The records>

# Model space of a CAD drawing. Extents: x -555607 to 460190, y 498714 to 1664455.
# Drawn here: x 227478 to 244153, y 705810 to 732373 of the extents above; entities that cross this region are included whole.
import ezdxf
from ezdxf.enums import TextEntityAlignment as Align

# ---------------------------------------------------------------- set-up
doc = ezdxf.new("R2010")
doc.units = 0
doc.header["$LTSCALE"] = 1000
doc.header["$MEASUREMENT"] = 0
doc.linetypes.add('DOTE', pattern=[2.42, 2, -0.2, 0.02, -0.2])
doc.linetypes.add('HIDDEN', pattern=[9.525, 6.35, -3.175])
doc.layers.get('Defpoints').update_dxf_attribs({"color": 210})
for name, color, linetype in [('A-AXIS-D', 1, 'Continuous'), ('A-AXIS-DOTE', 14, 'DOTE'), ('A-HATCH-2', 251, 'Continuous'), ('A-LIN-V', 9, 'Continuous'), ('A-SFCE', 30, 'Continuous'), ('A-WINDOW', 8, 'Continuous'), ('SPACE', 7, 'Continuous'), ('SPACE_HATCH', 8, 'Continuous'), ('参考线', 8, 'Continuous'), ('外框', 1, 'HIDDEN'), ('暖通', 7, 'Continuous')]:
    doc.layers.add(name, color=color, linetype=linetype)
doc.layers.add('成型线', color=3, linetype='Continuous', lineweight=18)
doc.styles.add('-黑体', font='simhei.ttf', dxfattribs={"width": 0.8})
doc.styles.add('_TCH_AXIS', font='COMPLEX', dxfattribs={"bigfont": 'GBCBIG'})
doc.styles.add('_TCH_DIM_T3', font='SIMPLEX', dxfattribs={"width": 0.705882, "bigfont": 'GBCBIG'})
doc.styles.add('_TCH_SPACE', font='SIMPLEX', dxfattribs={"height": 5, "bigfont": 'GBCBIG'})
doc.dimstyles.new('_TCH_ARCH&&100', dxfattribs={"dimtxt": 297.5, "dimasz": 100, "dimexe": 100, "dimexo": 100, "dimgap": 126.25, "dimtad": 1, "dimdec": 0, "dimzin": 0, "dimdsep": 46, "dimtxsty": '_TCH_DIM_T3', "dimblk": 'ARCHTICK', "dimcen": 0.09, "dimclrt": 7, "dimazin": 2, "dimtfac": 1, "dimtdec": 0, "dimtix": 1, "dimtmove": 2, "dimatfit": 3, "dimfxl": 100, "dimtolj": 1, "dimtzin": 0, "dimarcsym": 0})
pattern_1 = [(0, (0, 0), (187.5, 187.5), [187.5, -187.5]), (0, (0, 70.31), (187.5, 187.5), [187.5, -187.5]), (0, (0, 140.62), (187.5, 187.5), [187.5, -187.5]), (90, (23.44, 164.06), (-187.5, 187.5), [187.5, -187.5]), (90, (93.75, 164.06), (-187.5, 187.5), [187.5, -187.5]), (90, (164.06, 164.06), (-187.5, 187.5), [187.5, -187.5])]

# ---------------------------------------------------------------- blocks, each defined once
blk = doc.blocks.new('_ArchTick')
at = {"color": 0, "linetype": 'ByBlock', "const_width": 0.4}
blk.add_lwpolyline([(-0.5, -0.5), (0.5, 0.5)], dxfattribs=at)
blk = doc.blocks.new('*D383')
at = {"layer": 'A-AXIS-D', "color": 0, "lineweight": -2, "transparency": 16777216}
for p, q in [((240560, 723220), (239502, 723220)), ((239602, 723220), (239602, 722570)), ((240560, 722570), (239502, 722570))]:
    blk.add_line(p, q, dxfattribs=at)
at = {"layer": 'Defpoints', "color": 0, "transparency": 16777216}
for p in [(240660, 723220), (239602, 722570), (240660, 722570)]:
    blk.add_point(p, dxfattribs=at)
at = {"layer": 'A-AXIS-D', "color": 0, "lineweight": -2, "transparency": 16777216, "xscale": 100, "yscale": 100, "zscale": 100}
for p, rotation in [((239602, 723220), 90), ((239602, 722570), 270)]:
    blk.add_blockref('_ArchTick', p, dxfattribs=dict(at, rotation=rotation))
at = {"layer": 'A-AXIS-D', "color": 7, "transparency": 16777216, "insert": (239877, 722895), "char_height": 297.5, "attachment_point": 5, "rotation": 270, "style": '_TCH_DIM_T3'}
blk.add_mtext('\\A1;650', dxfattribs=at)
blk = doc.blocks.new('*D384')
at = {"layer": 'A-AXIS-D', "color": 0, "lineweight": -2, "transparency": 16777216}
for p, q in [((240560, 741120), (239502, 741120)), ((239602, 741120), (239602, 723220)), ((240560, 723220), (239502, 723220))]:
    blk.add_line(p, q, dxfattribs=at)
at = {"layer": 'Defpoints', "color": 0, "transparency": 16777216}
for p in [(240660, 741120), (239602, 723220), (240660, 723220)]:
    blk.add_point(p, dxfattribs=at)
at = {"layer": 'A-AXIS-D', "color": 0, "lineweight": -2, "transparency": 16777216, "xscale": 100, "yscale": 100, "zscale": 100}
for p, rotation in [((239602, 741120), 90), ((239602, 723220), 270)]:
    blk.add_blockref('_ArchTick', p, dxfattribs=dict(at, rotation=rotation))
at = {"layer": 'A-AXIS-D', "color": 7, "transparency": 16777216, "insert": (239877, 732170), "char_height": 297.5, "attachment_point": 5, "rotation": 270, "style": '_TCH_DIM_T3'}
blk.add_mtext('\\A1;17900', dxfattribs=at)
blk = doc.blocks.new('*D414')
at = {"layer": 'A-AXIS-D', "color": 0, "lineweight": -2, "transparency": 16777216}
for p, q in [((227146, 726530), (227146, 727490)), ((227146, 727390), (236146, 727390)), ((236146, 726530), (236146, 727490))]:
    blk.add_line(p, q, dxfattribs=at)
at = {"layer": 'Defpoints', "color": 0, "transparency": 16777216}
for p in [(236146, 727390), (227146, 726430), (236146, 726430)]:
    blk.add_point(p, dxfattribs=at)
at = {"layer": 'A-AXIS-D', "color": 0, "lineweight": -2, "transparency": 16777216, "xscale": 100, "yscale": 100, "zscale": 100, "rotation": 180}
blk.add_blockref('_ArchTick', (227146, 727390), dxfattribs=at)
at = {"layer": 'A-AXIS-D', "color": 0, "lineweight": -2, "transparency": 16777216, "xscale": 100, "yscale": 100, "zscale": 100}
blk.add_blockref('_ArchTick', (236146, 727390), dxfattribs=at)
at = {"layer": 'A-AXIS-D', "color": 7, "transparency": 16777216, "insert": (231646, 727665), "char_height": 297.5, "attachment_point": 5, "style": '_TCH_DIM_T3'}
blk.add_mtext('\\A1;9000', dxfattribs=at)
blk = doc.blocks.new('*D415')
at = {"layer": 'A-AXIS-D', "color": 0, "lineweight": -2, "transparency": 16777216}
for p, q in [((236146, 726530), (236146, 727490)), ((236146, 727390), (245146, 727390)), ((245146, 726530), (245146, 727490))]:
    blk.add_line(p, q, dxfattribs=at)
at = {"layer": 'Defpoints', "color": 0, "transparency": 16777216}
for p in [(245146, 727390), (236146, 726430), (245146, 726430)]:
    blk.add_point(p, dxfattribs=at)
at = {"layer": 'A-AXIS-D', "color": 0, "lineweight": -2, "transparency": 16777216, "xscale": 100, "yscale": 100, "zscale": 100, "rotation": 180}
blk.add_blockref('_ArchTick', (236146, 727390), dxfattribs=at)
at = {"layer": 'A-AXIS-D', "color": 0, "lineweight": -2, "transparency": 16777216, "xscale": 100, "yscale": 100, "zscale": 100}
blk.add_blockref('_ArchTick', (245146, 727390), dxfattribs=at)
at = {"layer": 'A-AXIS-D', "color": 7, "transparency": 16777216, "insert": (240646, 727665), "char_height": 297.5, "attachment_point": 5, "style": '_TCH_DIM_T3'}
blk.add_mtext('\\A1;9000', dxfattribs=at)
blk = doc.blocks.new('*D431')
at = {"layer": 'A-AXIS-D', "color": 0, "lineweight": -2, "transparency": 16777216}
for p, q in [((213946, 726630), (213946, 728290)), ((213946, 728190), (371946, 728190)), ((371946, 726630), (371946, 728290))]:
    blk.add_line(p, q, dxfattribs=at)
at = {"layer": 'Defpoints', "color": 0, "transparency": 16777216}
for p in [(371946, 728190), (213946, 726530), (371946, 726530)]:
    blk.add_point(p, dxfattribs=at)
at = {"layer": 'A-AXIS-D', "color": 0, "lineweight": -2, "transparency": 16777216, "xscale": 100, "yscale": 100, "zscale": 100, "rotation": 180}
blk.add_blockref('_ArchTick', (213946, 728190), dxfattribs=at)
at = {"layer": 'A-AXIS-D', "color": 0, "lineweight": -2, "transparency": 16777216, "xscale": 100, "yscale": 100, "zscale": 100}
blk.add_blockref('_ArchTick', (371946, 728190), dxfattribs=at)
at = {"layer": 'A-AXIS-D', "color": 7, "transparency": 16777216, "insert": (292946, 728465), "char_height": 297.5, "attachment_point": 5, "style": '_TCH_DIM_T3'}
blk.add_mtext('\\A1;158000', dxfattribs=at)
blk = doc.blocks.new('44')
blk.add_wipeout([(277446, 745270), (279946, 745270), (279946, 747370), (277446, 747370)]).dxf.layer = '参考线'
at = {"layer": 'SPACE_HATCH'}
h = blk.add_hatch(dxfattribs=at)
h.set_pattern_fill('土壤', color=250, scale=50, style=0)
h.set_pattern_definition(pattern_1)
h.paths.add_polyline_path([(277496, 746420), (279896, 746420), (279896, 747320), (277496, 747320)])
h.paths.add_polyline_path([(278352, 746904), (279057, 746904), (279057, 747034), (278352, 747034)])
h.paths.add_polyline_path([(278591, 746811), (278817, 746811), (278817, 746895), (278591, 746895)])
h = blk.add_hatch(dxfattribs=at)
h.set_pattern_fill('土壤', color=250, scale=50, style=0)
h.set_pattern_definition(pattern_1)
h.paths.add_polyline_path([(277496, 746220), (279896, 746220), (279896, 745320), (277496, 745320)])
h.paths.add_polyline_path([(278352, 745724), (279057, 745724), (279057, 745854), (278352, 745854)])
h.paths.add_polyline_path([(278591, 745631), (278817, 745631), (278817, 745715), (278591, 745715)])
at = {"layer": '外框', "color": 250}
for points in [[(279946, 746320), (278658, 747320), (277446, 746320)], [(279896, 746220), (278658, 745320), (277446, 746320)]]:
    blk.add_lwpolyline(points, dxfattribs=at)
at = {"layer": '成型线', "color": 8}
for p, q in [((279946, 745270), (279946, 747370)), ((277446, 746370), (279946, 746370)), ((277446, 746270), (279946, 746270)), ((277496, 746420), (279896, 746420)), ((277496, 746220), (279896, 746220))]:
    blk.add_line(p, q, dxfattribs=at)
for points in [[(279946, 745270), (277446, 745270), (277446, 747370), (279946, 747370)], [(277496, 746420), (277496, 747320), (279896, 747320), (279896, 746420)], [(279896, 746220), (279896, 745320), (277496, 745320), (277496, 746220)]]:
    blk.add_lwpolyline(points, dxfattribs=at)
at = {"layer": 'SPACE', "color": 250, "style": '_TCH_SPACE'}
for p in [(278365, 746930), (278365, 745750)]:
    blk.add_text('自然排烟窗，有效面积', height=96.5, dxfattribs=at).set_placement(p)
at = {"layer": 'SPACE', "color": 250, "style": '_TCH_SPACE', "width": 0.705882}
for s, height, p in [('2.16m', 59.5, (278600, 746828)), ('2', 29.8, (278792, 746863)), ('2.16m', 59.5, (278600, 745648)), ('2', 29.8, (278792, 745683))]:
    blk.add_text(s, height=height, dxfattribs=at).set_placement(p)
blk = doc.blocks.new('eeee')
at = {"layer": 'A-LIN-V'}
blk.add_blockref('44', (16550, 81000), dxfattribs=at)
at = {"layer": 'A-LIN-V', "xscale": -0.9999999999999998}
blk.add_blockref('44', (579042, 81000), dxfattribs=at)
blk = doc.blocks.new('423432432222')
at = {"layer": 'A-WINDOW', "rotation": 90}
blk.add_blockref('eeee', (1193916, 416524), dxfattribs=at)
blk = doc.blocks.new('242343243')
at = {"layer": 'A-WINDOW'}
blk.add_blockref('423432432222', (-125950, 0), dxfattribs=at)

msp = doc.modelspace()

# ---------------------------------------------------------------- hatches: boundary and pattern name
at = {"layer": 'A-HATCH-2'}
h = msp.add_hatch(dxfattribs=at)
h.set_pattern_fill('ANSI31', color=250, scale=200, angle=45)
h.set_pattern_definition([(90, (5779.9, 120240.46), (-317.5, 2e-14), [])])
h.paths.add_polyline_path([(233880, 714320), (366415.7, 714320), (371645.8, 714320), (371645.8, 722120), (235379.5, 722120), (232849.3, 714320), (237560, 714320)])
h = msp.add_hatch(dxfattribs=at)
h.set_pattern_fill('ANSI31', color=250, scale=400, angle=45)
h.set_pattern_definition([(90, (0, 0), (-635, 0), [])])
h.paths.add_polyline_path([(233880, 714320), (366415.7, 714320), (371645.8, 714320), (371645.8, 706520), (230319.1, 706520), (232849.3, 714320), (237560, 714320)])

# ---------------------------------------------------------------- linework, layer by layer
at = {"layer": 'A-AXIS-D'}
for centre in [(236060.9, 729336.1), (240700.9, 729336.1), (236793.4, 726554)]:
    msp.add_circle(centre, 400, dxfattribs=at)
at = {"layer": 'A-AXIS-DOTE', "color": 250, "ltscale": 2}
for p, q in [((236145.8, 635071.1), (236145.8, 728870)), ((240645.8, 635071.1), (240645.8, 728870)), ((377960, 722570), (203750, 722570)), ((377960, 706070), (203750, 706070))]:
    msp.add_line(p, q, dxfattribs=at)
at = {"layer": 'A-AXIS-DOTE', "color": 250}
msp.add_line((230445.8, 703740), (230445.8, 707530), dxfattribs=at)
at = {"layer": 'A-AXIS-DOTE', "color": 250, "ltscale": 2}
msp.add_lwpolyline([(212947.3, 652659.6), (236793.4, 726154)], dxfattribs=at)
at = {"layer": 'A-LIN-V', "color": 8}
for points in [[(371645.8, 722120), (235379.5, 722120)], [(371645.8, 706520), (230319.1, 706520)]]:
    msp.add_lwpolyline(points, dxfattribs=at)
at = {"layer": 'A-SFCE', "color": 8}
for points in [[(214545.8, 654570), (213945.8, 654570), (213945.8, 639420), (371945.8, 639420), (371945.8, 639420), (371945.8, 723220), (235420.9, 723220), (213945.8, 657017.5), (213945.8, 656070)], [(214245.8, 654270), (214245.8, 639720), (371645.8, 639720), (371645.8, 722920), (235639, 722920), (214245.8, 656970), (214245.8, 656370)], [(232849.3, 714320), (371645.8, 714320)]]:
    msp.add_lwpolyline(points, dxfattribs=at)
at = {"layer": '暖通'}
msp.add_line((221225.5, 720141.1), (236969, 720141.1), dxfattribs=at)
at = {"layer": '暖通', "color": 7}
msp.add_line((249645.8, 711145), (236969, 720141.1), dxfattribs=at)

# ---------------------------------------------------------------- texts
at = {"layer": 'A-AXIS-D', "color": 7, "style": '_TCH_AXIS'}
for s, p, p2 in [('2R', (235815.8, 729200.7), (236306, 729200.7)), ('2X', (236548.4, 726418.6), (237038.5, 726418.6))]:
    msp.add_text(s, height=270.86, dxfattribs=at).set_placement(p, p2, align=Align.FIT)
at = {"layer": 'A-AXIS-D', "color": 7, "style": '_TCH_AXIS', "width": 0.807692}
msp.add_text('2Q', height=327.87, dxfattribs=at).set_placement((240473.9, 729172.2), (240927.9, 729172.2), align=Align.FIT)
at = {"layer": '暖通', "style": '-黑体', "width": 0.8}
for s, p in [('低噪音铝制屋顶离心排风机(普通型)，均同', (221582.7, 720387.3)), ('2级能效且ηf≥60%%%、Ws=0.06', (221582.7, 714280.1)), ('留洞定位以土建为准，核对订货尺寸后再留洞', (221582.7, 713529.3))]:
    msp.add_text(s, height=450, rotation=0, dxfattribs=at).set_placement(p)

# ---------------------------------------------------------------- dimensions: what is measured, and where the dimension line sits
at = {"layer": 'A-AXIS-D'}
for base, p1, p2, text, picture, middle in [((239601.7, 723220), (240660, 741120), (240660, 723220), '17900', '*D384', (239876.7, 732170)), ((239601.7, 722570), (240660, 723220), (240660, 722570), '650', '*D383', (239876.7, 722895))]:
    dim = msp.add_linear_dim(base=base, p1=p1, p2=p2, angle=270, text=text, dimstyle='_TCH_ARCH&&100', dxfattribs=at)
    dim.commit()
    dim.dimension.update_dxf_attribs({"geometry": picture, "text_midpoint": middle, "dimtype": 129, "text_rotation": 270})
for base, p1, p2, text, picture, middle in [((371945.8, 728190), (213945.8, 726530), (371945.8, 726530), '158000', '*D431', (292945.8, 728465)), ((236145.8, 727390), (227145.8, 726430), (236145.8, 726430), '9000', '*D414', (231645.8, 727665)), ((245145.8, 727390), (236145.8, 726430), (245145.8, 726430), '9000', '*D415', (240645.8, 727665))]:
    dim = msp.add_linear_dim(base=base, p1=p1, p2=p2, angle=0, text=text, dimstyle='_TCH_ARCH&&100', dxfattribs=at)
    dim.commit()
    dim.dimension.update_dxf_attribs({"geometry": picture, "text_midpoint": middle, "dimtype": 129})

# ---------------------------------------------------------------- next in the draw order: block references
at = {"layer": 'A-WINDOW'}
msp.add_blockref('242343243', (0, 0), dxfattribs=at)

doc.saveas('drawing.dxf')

Problem to work on> Where a line in the records above holds the string "HIDDEN", it counts toward the total; give that total alone.

Exercise answer> 2